WHAT THIS TASK INVOLVES >> Without any images, write the listing below out word for word.

INPUT DATA >>
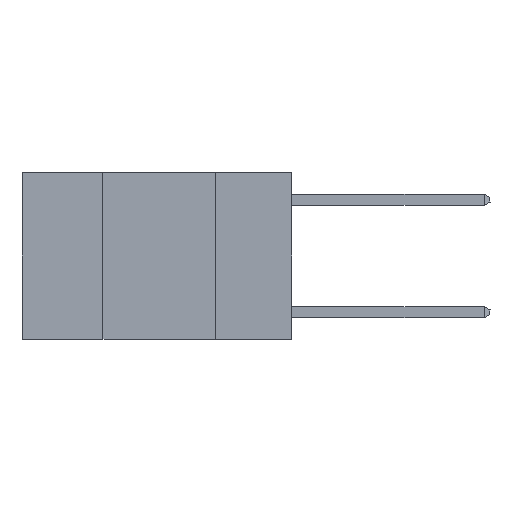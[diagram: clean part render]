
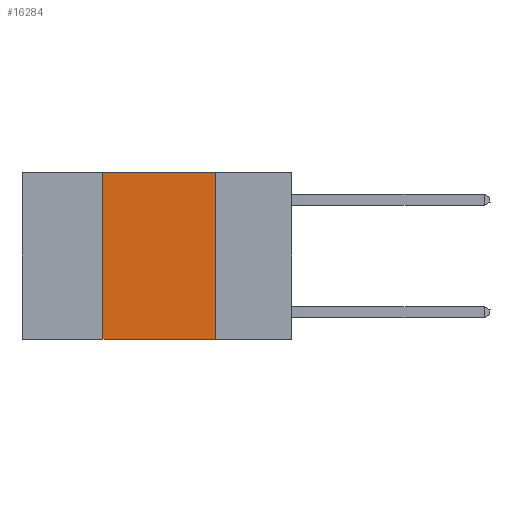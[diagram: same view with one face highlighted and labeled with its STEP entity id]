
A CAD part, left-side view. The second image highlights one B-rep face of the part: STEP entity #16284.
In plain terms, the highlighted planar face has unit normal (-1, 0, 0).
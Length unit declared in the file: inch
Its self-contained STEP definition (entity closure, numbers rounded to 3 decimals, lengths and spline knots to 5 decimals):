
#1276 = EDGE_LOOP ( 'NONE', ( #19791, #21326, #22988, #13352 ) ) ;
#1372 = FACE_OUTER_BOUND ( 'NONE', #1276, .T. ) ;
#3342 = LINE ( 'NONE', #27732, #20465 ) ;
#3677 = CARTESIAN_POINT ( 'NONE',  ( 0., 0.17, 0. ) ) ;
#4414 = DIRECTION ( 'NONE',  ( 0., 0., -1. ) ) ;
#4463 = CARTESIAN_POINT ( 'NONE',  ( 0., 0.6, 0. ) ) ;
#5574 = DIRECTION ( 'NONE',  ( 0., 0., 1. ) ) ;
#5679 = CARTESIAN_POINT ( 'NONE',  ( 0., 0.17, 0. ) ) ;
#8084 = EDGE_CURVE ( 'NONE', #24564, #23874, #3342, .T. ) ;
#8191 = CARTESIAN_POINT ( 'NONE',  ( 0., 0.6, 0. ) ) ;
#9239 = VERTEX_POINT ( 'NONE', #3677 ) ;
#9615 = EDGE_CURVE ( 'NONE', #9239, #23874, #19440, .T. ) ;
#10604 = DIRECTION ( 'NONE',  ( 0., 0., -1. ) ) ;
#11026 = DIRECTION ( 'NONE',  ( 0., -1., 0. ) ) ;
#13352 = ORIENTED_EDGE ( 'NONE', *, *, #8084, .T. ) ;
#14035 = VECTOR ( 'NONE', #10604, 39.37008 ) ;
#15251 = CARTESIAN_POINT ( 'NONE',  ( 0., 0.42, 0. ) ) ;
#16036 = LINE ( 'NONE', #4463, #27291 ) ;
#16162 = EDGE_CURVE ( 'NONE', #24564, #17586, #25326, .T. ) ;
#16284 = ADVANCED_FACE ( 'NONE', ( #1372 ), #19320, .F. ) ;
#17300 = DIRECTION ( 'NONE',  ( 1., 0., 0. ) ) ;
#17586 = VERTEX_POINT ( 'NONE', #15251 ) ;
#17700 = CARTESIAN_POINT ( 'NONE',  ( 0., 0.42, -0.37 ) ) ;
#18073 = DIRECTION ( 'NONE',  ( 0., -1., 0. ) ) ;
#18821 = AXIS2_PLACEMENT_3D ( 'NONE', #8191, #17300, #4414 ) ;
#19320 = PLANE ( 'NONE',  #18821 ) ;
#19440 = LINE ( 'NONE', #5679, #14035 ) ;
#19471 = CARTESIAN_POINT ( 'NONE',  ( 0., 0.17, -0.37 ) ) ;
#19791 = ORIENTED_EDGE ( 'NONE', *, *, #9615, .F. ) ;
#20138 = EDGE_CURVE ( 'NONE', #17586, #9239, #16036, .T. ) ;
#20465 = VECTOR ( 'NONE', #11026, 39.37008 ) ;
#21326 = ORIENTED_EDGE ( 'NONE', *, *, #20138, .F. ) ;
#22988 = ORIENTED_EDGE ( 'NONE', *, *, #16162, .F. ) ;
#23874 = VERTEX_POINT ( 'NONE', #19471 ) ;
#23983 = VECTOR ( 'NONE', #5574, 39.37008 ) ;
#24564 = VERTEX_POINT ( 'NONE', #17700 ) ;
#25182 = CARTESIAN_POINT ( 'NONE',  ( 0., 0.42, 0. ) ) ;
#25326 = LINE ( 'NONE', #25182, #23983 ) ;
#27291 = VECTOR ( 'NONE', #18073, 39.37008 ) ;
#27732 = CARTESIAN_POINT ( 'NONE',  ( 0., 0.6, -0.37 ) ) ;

RESPONSE AREA >>
[diagram: clean part render]
[diagram: same view with one face highlighted and labeled with its STEP entity id]
A CAD part, left-side view. The second image highlights one B-rep face of the part: STEP entity #16284.
In plain terms, the highlighted planar face has unit normal (-1, 0, 0).
Length unit declared in the file: inch
Its self-contained STEP definition (entity closure, numbers rounded to 3 decimals, lengths and spline knots to 5 decimals):
#1276 = EDGE_LOOP ( 'NONE', ( #19791, #21326, #22988, #13352 ) ) ;
#1372 = FACE_OUTER_BOUND ( 'NONE', #1276, .T. ) ;
#3342 = LINE ( 'NONE', #27732, #20465 ) ;
#3677 = CARTESIAN_POINT ( 'NONE',  ( 0., 0.17, 0. ) ) ;
#4414 = DIRECTION ( 'NONE',  ( 0., 0., -1. ) ) ;
#4463 = CARTESIAN_POINT ( 'NONE',  ( 0., 0.6, 0. ) ) ;
#5574 = DIRECTION ( 'NONE',  ( 0., 0., 1. ) ) ;
#5679 = CARTESIAN_POINT ( 'NONE',  ( 0., 0.17, 0. ) ) ;
#8084 = EDGE_CURVE ( 'NONE', #24564, #23874, #3342, .T. ) ;
#8191 = CARTESIAN_POINT ( 'NONE',  ( 0., 0.6, 0. ) ) ;
#9239 = VERTEX_POINT ( 'NONE', #3677 ) ;
#9615 = EDGE_CURVE ( 'NONE', #9239, #23874, #19440, .T. ) ;
#10604 = DIRECTION ( 'NONE',  ( 0., 0., -1. ) ) ;
#11026 = DIRECTION ( 'NONE',  ( 0., -1., 0. ) ) ;
#13352 = ORIENTED_EDGE ( 'NONE', *, *, #8084, .T. ) ;
#14035 = VECTOR ( 'NONE', #10604, 39.37008 ) ;
#15251 = CARTESIAN_POINT ( 'NONE',  ( 0., 0.42, 0. ) ) ;
#16036 = LINE ( 'NONE', #4463, #27291 ) ;
#16162 = EDGE_CURVE ( 'NONE', #24564, #17586, #25326, .T. ) ;
#16284 = ADVANCED_FACE ( 'NONE', ( #1372 ), #19320, .F. ) ;
#17300 = DIRECTION ( 'NONE',  ( 1., 0., 0. ) ) ;
#17586 = VERTEX_POINT ( 'NONE', #15251 ) ;
#17700 = CARTESIAN_POINT ( 'NONE',  ( 0., 0.42, -0.37 ) ) ;
#18073 = DIRECTION ( 'NONE',  ( 0., -1., 0. ) ) ;
#18821 = AXIS2_PLACEMENT_3D ( 'NONE', #8191, #17300, #4414 ) ;
#19320 = PLANE ( 'NONE',  #18821 ) ;
#19440 = LINE ( 'NONE', #5679, #14035 ) ;
#19471 = CARTESIAN_POINT ( 'NONE',  ( 0., 0.17, -0.37 ) ) ;
#19791 = ORIENTED_EDGE ( 'NONE', *, *, #9615, .F. ) ;
#20138 = EDGE_CURVE ( 'NONE', #17586, #9239, #16036, .T. ) ;
#20465 = VECTOR ( 'NONE', #11026, 39.37008 ) ;
#21326 = ORIENTED_EDGE ( 'NONE', *, *, #20138, .F. ) ;
#22988 = ORIENTED_EDGE ( 'NONE', *, *, #16162, .F. ) ;
#23874 = VERTEX_POINT ( 'NONE', #19471 ) ;
#23983 = VECTOR ( 'NONE', #5574, 39.37008 ) ;
#24564 = VERTEX_POINT ( 'NONE', #17700 ) ;
#25182 = CARTESIAN_POINT ( 'NONE',  ( 0., 0.42, 0. ) ) ;
#25326 = LINE ( 'NONE', #25182, #23983 ) ;
#27291 = VECTOR ( 'NONE', #18073, 39.37008 ) ;
#27732 = CARTESIAN_POINT ( 'NONE',  ( 0., 0.6, -0.37 ) ) ;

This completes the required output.